The invention discloses long-chain non-coding RNA (the long no-coding RNA secreting body (Exosomes) outside a kind of serum and originate, LncRNA) application method of LINC00470, namely the LncRNA LINC00470 that originates of serum Exosomes is for the preparation of the prognosis preparation of the examination of glioma high risk population, early diagnosis or patients with gliomas.Extract RNA after confirming to be separated Exosomes in patients with gliomas serum by research, reverse transcription also carries out the downward of Real time PCR discovery LncRNA LINC00470 expression level.The LncRNA LINC00470 that the present invention utilizes serum Exosomes to originate can reach 85.7% to the specificity of glioma early diagnosis, and sensitivity reaches 94.1%.By detecting the expression level of LncRNA LINC00470 in patients with gliomas serum Exosomes, thus patients with gliomas is made in early days, Noninvasive diagnosis fast.

Description

The application method of the long-chain non-coding RNA LINC00470 that serum Exosomes originates
Technical field
The invention belongs to oncomolecularbiology field, be specifically related to the application method of LncRNA LINC00470 in diagnosis of glioma that serum Exosomes originates.
Background technology
Glioma accounts for 60% of all primary nervous system tumours, can betide any position of central nervous system and any age, and excision is first-selected methods for the treatment of.Be that infiltrative growth is without clear and definite border because glioma, operation is difficult to real thoroughly excision, and Local Recurrence rate is high, although imaging diagnosis technology development in recent years, Micro-neurosurgical technology is applied, but the Diagnosis and Treat of glioma is significantly not progressive generally, and after making a definite diagnosis, the several years is dead mostly.At present, to glioma make a definite diagnosis in early days and Canonical management also unsatisfactory, therefore, the glioma early diagnosis marker finding non-invasive carries out examination to high risk population, to carry out early diagnosis, early treatment to patients with gliomas, improve survival, be the main task of neuroscience field research always.

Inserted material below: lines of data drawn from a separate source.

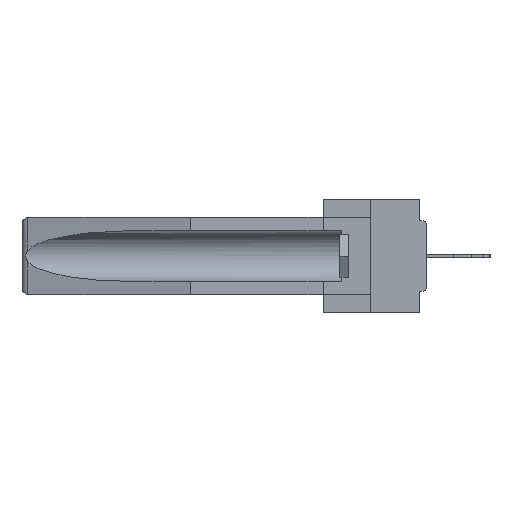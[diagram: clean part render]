
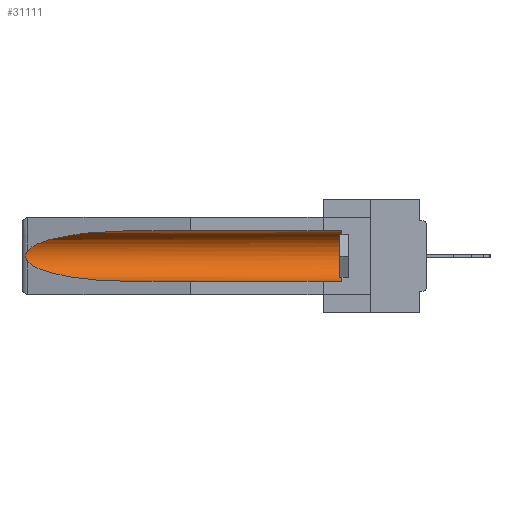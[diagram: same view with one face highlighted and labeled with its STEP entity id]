
A CAD part, left-side view. The second image highlights one B-rep face of the part: STEP entity #31111.
In plain terms, the highlighted cylindrical face has radius 2.857 mm (diameter 5.715 mm), a partial arc.
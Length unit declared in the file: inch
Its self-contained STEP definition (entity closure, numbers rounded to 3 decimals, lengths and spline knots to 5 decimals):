
#6 = EDGE_CURVE ( 'NONE', #14723, #2886, #31071, .T. ) ;
#362 = ORIENTED_EDGE ( 'NONE', *, *, #9070, .T. ) ;
#822 = VERTEX_POINT ( 'NONE', #15905 ) ;
#1792 = CARTESIAN_POINT ( 'NONE',  ( 0.26537, 1.52718, -0.19328 ) ) ;
#2364 = VERTEX_POINT ( 'NONE', #7890 ) ;
#2886 = VERTEX_POINT ( 'NONE', #6630 ) ;
#3351 = CARTESIAN_POINT ( 'NONE',  ( 0.155, -0.30754, -0.059 ) ) ;
#4242 = CARTESIAN_POINT ( 'NONE',  ( 0.26537, 1.52718, -0.19328 ) ) ;
#5216 = ORIENTED_EDGE ( 'NONE', *, *, #6, .T. ) ;
#5321 = EDGE_LOOP ( 'NONE', ( #30585, #16857, #5216, #36475, #362, #10205 ) ) ;
#6271 = CARTESIAN_POINT ( 'NONE',  ( 0.2673, 1.53269, -0.17917 ) ) ;
#6459 = CARTESIAN_POINT ( 'NONE',  ( 0.2673, 1.5327, -0.16383 ) ) ;
#6630 = CARTESIAN_POINT ( 'NONE',  ( 0.155, 1.07973, -0.284 ) ) ;
#6803 = CARTESIAN_POINT ( 'NONE',  ( 0.155, 1.07973, -0.059 ) ) ;
#7890 = CARTESIAN_POINT ( 'NONE',  ( 0.155, 0.126, -0.059 ) ) ;
#8965 = LINE ( 'NONE', #3351, #13528 ) ;
#9070 = EDGE_CURVE ( 'NONE', #28904, #2364, #11503, .T. ) ;
#9249 = CARTESIAN_POINT ( 'NONE',  ( 0.21114, 1.30732, -0.059 ) ) ;
#9638 = CARTESIAN_POINT ( 'NONE',  ( 0.26537, 1.52718, -0.19328 ) ) ;
#9888 = VERTEX_POINT ( 'NONE', #6803 ) ;
#10205 = ORIENTED_EDGE ( 'NONE', *, *, #11839, .T. ) ;
#11503 = CIRCLE ( 'NONE', #32403, 0.1125 ) ;
#11839 = EDGE_CURVE ( 'NONE', #2364, #9888, #8965, .T. ) ;
#11850 = CARTESIAN_POINT ( 'NONE',  ( 0.26537, 1.52718, -0.14972 ) ) ;
#12311 = DIRECTION ( 'NONE',  ( 0., 1., 0. ) ) ;
#12365 = DIRECTION ( 'NONE',  ( 0., 0., 1. ) ) ;
#13138 = CARTESIAN_POINT ( 'NONE',  ( 0.26654, 1.53092, -0.15636 ) ) ;
#13528 = VECTOR ( 'NONE', #14755, 39.37008 ) ;
#14723 = VERTEX_POINT ( 'NONE', #1792 ) ;
#14755 = DIRECTION ( 'NONE',  ( 0., 1., 0. ) ) ;
#14863 = CARTESIAN_POINT ( 'NONE',  ( 0.26655, 1.53094, -0.18657 ) ) ;
#15124 = CARTESIAN_POINT ( 'NONE',  ( 0.155, -0.30754, -0.1715 ) ) ;
#15546 = B_SPLINE_CURVE_WITH_KNOTS ( 'NONE', 3,
 ( #18759, #34883, #13138, #6459, #35955, #29268, #6271, #14863, #17864, #9638 ),
 .UNSPECIFIED., .F., .F.,
 ( 4, 2, 2, 2, 4 ),
 ( 0., 0.00029, 0.00058, 0.00087, 0.00117 ),
 .UNSPECIFIED. ) ;
#15905 = CARTESIAN_POINT ( 'NONE',  ( 0.26537, 1.52718, -0.14972 ) ) ;
#16857 = ORIENTED_EDGE ( 'NONE', *, *, #24912, .T. ) ;
#17864 = CARTESIAN_POINT ( 'NONE',  ( 0.26597, 1.5296, -0.19026 ) ) ;
#18306 = CARTESIAN_POINT ( 'NONE',  ( 0.155, -0.30754, -0.284 ) ) ;
#18759 = CARTESIAN_POINT ( 'NONE',  ( 0.26537, 1.52718, -0.14972 ) ) ;
#20652 = CARTESIAN_POINT ( 'NONE',  ( 0.155, 1.07973, -0.059 ) ) ;
#22902 = CARTESIAN_POINT ( 'NONE',  ( 0.25451, 1.48313, -0.09465 ) ) ;
#23194 = DIRECTION ( 'NONE',  ( 0., 1., 0. ) ) ;
#23904 = CARTESIAN_POINT ( 'NONE',  ( 0.21114, 1.30732, -0.284 ) ) ;
#24912 = EDGE_CURVE ( 'NONE', #822, #14723, #15546, .T. ) ;
#25274 = EDGE_CURVE ( 'NONE', #9888, #822, #27030, .T. ) ;
#26245 = EDGE_CURVE ( 'NONE', #28904, #2886, #34953, .T. ) ;
#27030 =( BOUNDED_CURVE ( )  B_SPLINE_CURVE ( 3, ( #20652, #9249, #22902, #11850 ),
 .UNSPECIFIED., .F., .F. ) 
 B_SPLINE_CURVE_WITH_KNOTS ( ( 4, 4 ),
 ( 4.71239, 6.08839 ),
 .UNSPECIFIED. ) 
 CURVE ( )  GEOMETRIC_REPRESENTATION_ITEM ( )  RATIONAL_B_SPLINE_CURVE ( ( 1., 0.848, 0.848, 1. ) ) 
 REPRESENTATION_ITEM ( '' )  );
#27995 = VECTOR ( 'NONE', #12311, 39.37008 ) ;
#28904 = VERTEX_POINT ( 'NONE', #36827 ) ;
#29268 = CARTESIAN_POINT ( 'NONE',  ( 0.2675, 1.53308, -0.17534 ) ) ;
#29362 = AXIS2_PLACEMENT_3D ( 'NONE', #15124, #23194, #32316 ) ;
#29499 = CARTESIAN_POINT ( 'NONE',  ( 0.25451, 1.48313, -0.24835 ) ) ;
#30585 = ORIENTED_EDGE ( 'NONE', *, *, #25274, .T. ) ;
#31071 =( BOUNDED_CURVE ( )  B_SPLINE_CURVE ( 3, ( #4242, #29499, #23904, #34930 ),
 .UNSPECIFIED., .F., .F. ) 
 B_SPLINE_CURVE_WITH_KNOTS ( ( 4, 4 ),
 ( 0.1948, 1.5708 ),
 .UNSPECIFIED. ) 
 CURVE ( )  GEOMETRIC_REPRESENTATION_ITEM ( )  RATIONAL_B_SPLINE_CURVE ( ( 1., 0.848, 0.848, 1. ) ) 
 REPRESENTATION_ITEM ( '' )  );
#31111 = ADVANCED_FACE ( 'NONE', ( #31601 ), #35146, .F. ) ;
#31601 = FACE_OUTER_BOUND ( 'NONE', #5321, .T. ) ;
#32316 = DIRECTION ( 'NONE',  ( 0., 0., 1. ) ) ;
#32403 = AXIS2_PLACEMENT_3D ( 'NONE', #34626, #35009, #12365 ) ;
#34626 = CARTESIAN_POINT ( 'NONE',  ( 0.155, 0.126, -0.1715 ) ) ;
#34883 = CARTESIAN_POINT ( 'NONE',  ( 0.26597, 1.52961, -0.15275 ) ) ;
#34930 = CARTESIAN_POINT ( 'NONE',  ( 0.155, 1.07973, -0.284 ) ) ;
#34953 = LINE ( 'NONE', #18306, #27995 ) ;
#35009 = DIRECTION ( 'NONE',  ( 0., -1., 0. ) ) ;
#35146 = CYLINDRICAL_SURFACE ( 'NONE', #29362, 0.1125 ) ;
#35955 = CARTESIAN_POINT ( 'NONE',  ( 0.2675, 1.53308, -0.16763 ) ) ;
#36475 = ORIENTED_EDGE ( 'NONE', *, *, #26245, .F. ) ;
#36827 = CARTESIAN_POINT ( 'NONE',  ( 0.155, 0.126, -0.284 ) ) ;
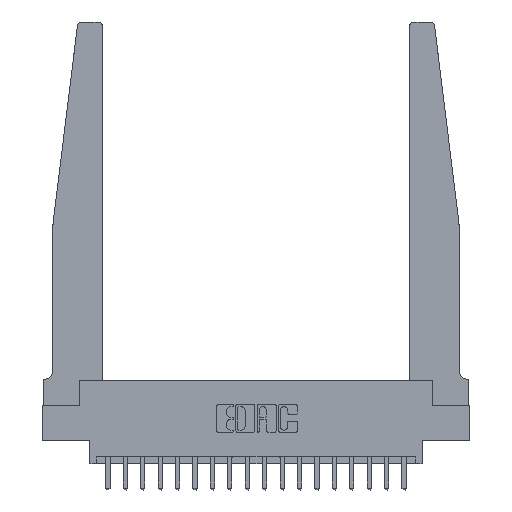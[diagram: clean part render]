
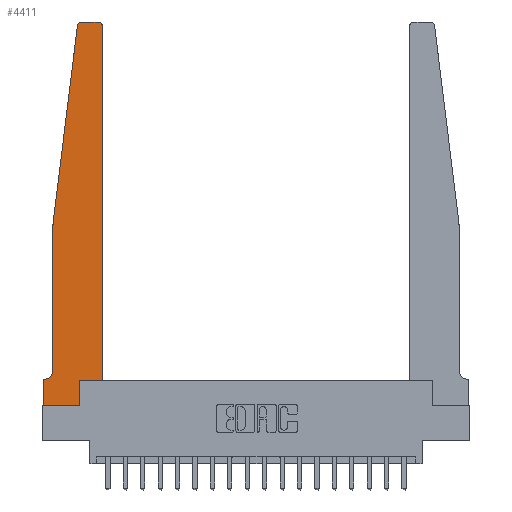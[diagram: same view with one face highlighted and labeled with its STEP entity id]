
A CAD part, top view. The second image highlights one B-rep face of the part: STEP entity #4411.
In plain terms, the highlighted planar face has unit normal (0, 0, 1).
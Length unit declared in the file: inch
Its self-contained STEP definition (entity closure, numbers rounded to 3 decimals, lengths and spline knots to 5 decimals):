
#22 = DIRECTION ( 'NONE',  ( 1., 0., 0. ) ) ;
#227 = VERTEX_POINT ( 'NONE', #2156 ) ;
#364 = DIRECTION ( 'NONE',  ( -1., 0., 0. ) ) ;
#458 = LINE ( 'NONE', #6808, #3297 ) ;
#664 = DIRECTION ( 'NONE',  ( 1., 0., 0. ) ) ;
#807 = VECTOR ( 'NONE', #15924, 39.37008 ) ;
#1424 = CARTESIAN_POINT ( 'NONE',  ( 0., 0., 0.37 ) ) ;
#1425 = AXIS2_PLACEMENT_3D ( 'NONE', #7610, #13911, #15346 ) ;
#1429 = VERTEX_POINT ( 'NONE', #12131 ) ;
#1484 = VERTEX_POINT ( 'NONE', #5818 ) ;
#1936 = LINE ( 'NONE', #17851, #13705 ) ;
#2156 = CARTESIAN_POINT ( 'NONE',  ( 0.2605, 0.18, 0.37 ) ) ;
#2558 = VERTEX_POINT ( 'NONE', #7941 ) ;
#3171 = CARTESIAN_POINT ( 'NONE',  ( 0.015, 0.2375, 0.37 ) ) ;
#3297 = VECTOR ( 'NONE', #9694, 39.37008 ) ;
#3329 = CARTESIAN_POINT ( 'NONE',  ( 0.27653, 2.72, 0.37 ) ) ;
#3415 = DIRECTION ( 'NONE',  ( 1., 0., 0. ) ) ;
#3453 = CARTESIAN_POINT ( 'NONE',  ( 0.2605, 0., 0.37 ) ) ;
#3644 = EDGE_CURVE ( 'NONE', #14918, #2558, #16607, .T. ) ;
#3781 = CARTESIAN_POINT ( 'NONE',  ( 0.425, 0.18, 0.37 ) ) ;
#3981 = ORIENTED_EDGE ( 'NONE', *, *, #13576, .T. ) ;
#4034 = VECTOR ( 'NONE', #664, 39.37008 ) ;
#4411 = ADVANCED_FACE ( 'NONE', ( #5097 ), #8098, .T. ) ;
#4690 = EDGE_CURVE ( 'NONE', #7104, #1429, #6131, .T. ) ;
#4746 = VERTEX_POINT ( 'NONE', #10969 ) ;
#5085 = CARTESIAN_POINT ( 'NONE',  ( 0., 0., 0.37 ) ) ;
#5097 = FACE_OUTER_BOUND ( 'NONE', #19852, .T. ) ;
#5118 = DIRECTION ( 'NONE',  ( 1., 0., 0. ) ) ;
#5439 = ORIENTED_EDGE ( 'NONE', *, *, #12789, .T. ) ;
#5796 = EDGE_CURVE ( 'NONE', #8373, #4746, #13660, .T. ) ;
#5818 = CARTESIAN_POINT ( 'NONE',  ( 0.425, 0.18, 0.37 ) ) ;
#6052 = ORIENTED_EDGE ( 'NONE', *, *, #4690, .T. ) ;
#6131 = CIRCLE ( 'NONE', #12733, 0.05 ) ;
#6154 = VERTEX_POINT ( 'NONE', #18255 ) ;
#6512 = EDGE_CURVE ( 'NONE', #2558, #6154, #458, .T. ) ;
#6542 = EDGE_CURVE ( 'NONE', #4746, #7104, #11670, .T. ) ;
#6620 = ORIENTED_EDGE ( 'NONE', *, *, #10128, .T. ) ;
#6808 = CARTESIAN_POINT ( 'NONE',  ( 0.25, 2.75, 0.37 ) ) ;
#7104 = VERTEX_POINT ( 'NONE', #13663 ) ;
#7610 = CARTESIAN_POINT ( 'NONE',  ( 0.395, 2.72, 0.37 ) ) ;
#7762 = DIRECTION ( 'NONE',  ( 0., -1., 0. ) ) ;
#7941 = CARTESIAN_POINT ( 'NONE',  ( 0.395, 2.75, 0.37 ) ) ;
#8098 = PLANE ( 'NONE',  #14685 ) ;
#8357 = LINE ( 'NONE', #3781, #4034 ) ;
#8373 = VERTEX_POINT ( 'NONE', #16217 ) ;
#9172 = CIRCLE ( 'NONE', #20395, 0.03 ) ;
#9679 = ORIENTED_EDGE ( 'NONE', *, *, #15219, .T. ) ;
#9693 = EDGE_CURVE ( 'NONE', #1484, #14918, #1936, .T. ) ;
#9694 = DIRECTION ( 'NONE',  ( -1., 0., 0. ) ) ;
#10036 = ORIENTED_EDGE ( 'NONE', *, *, #6512, .T. ) ;
#10128 = EDGE_CURVE ( 'NONE', #227, #1484, #8357, .T. ) ;
#10571 = CARTESIAN_POINT ( 'NONE',  ( 0., 0.1875, 0.37 ) ) ;
#10907 = VECTOR ( 'NONE', #16292, 39.37008 ) ;
#10969 = CARTESIAN_POINT ( 'NONE',  ( 0.065, 1.25, 0.37 ) ) ;
#11670 = LINE ( 'NONE', #17818, #10907 ) ;
#12019 = CARTESIAN_POINT ( 'NONE',  ( 0.065, 1.25, 0.37 ) ) ;
#12131 = CARTESIAN_POINT ( 'NONE',  ( 0.015, 0.1875, 0.37 ) ) ;
#12370 = VERTEX_POINT ( 'NONE', #5085 ) ;
#12733 = AXIS2_PLACEMENT_3D ( 'NONE', #3171, #14063, #17029 ) ;
#12789 = EDGE_CURVE ( 'NONE', #1429, #13255, #17724, .T. ) ;
#12843 = LINE ( 'NONE', #16120, #807 ) ;
#12984 = LINE ( 'NONE', #19253, #19399 ) ;
#13037 = ORIENTED_EDGE ( 'NONE', *, *, #14887, .T. ) ;
#13255 = VERTEX_POINT ( 'NONE', #10571 ) ;
#13337 = DIRECTION ( 'NONE',  ( 0., 1., 0. ) ) ;
#13576 = EDGE_CURVE ( 'NONE', #16943, #227, #12843, .T. ) ;
#13660 = LINE ( 'NONE', #12019, #17781 ) ;
#13663 = CARTESIAN_POINT ( 'NONE',  ( 0.065, 0.2375, 0.37 ) ) ;
#13705 = VECTOR ( 'NONE', #13337, 39.37008 ) ;
#13911 = DIRECTION ( 'NONE',  ( 0., 0., 1. ) ) ;
#14063 = DIRECTION ( 'NONE',  ( 0., 0., -1. ) ) ;
#14685 = AXIS2_PLACEMENT_3D ( 'NONE', #14686, #17659, #3415 ) ;
#14686 = CARTESIAN_POINT ( 'NONE',  ( 0., 0.1875, 0.37 ) ) ;
#14835 = EDGE_CURVE ( 'NONE', #6154, #8373, #9172, .T. ) ;
#14887 = EDGE_CURVE ( 'NONE', #12370, #16943, #12984, .T. ) ;
#14918 = VERTEX_POINT ( 'NONE', #17786 ) ;
#15203 = ORIENTED_EDGE ( 'NONE', *, *, #9693, .T. ) ;
#15219 = EDGE_CURVE ( 'NONE', #13255, #12370, #15602, .T. ) ;
#15346 = DIRECTION ( 'NONE',  ( 1., 0., 0. ) ) ;
#15602 = LINE ( 'NONE', #1424, #19708 ) ;
#15924 = DIRECTION ( 'NONE',  ( 0., 1., 0. ) ) ;
#16120 = CARTESIAN_POINT ( 'NONE',  ( 0.2605, 0.18, 0.37 ) ) ;
#16217 = CARTESIAN_POINT ( 'NONE',  ( 0.24675, 2.72367, 0.37 ) ) ;
#16287 = ORIENTED_EDGE ( 'NONE', *, *, #5796, .T. ) ;
#16292 = DIRECTION ( 'NONE',  ( 0., -1., 0. ) ) ;
#16428 = VECTOR ( 'NONE', #364, 39.37008 ) ;
#16607 = CIRCLE ( 'NONE', #1425, 0.03 ) ;
#16672 = ORIENTED_EDGE ( 'NONE', *, *, #14835, .T. ) ;
#16943 = VERTEX_POINT ( 'NONE', #3453 ) ;
#17029 = DIRECTION ( 'NONE',  ( -1., 0., 0. ) ) ;
#17589 = DIRECTION ( 'NONE',  ( 0., 0., 1. ) ) ;
#17659 = DIRECTION ( 'NONE',  ( 0., 0., 1. ) ) ;
#17714 = ORIENTED_EDGE ( 'NONE', *, *, #3644, .T. ) ;
#17724 = LINE ( 'NONE', #19188, #16428 ) ;
#17781 = VECTOR ( 'NONE', #19716, 39.37008 ) ;
#17786 = CARTESIAN_POINT ( 'NONE',  ( 0.425, 2.72, 0.37 ) ) ;
#17818 = CARTESIAN_POINT ( 'NONE',  ( 0.065, 1.25, 0.37 ) ) ;
#17851 = CARTESIAN_POINT ( 'NONE',  ( 0.425, 0.18, 0.37 ) ) ;
#18255 = CARTESIAN_POINT ( 'NONE',  ( 0.27653, 2.75, 0.37 ) ) ;
#19188 = CARTESIAN_POINT ( 'NONE',  ( 0.065, 0.1875, 0.37 ) ) ;
#19253 = CARTESIAN_POINT ( 'NONE',  ( 0., 0., 0.37 ) ) ;
#19399 = VECTOR ( 'NONE', #5118, 39.37008 ) ;
#19651 = ORIENTED_EDGE ( 'NONE', *, *, #6542, .T. ) ;
#19708 = VECTOR ( 'NONE', #7762, 39.37008 ) ;
#19716 = DIRECTION ( 'NONE',  ( -0.122, -0.992, 0. ) ) ;
#19852 = EDGE_LOOP ( 'NONE', ( #10036, #16672, #16287, #19651, #6052, #5439, #9679, #13037, #3981, #6620, #15203, #17714 ) ) ;
#20395 = AXIS2_PLACEMENT_3D ( 'NONE', #3329, #17589, #22 ) ;

Exosomes is a class diameter is the vesica of 30-150nm, containing compositions such as RNA, lipid and protein.At blood, saliva, urine, all has existence in the multiple body fluid such as cerebrospinal fluid and breast milk, can shuttle in body fluid, transport genetic material and protein between cell.Exosomes constantly can be discharged in surrounding environment and go by tumour in process of growth, Exosomes can preserve at 96 hours or-70 DEG C and preserve the longer time under 4 DEG C of conditions simultaneously, and carry out diagnosis of glioma and overcome by being separated Exosomes in serum and directly utilize blood to extract molecule to carry out the impact of non-detection material in the blood of diagnosing tumor, make assay more true, accurately.These features make Exosomes contribute to early diagnosis and the Index for diagnosis of tumour.In the Exosomes in transitional cell bladder carcinoma source, PCA-3, TMPRSS2 two biomarkers have been found by research; In melanoma patients blood plasma Exosomes, tumor related marker thing CAV1 expression level obviously increases, and with this diagnosable melanoma, finds that the miRNA in Exosomes can be used as the mark of lung cancer in lung cancer model.The LncRNALINC00470 utilizing Exosomes to originate not only can better diagnose patients with gliomas to diagnose cerebral glioma, ahead of time treatment, and makes assay sensitiveer, special.More than demonstrate the great potential of LncRNA LINC00470 in glioma early diagnosis and examination that serum Exosomes originates.
Summary of the invention
The LncRNA LINC00470 (long intergenicnon-protein coding RNA470) that the object of the present invention is to provide a kind of serum Exosomes to originate is positioned karyomit(e) 18p11, the application method of GeneBank accession number: NR-023925, especially a kind of can be used in preparing glioma high risk population examination, early diagnosis or patients with gliomas the application method of prognosis preparation.Research confirms that the LncRNA LINC00470 in serum Exosomes source can be used for the diagnosis of patients with gliomas, LncRNA LINC00470 down-regulated expression and the samples of human glioma the result in Exosomes source have consistence, and the susceptibility of assay is high, specificity is good.Therefore Exosomes can be used for the examination of glioma high risk population and early diagnosis and prognosis.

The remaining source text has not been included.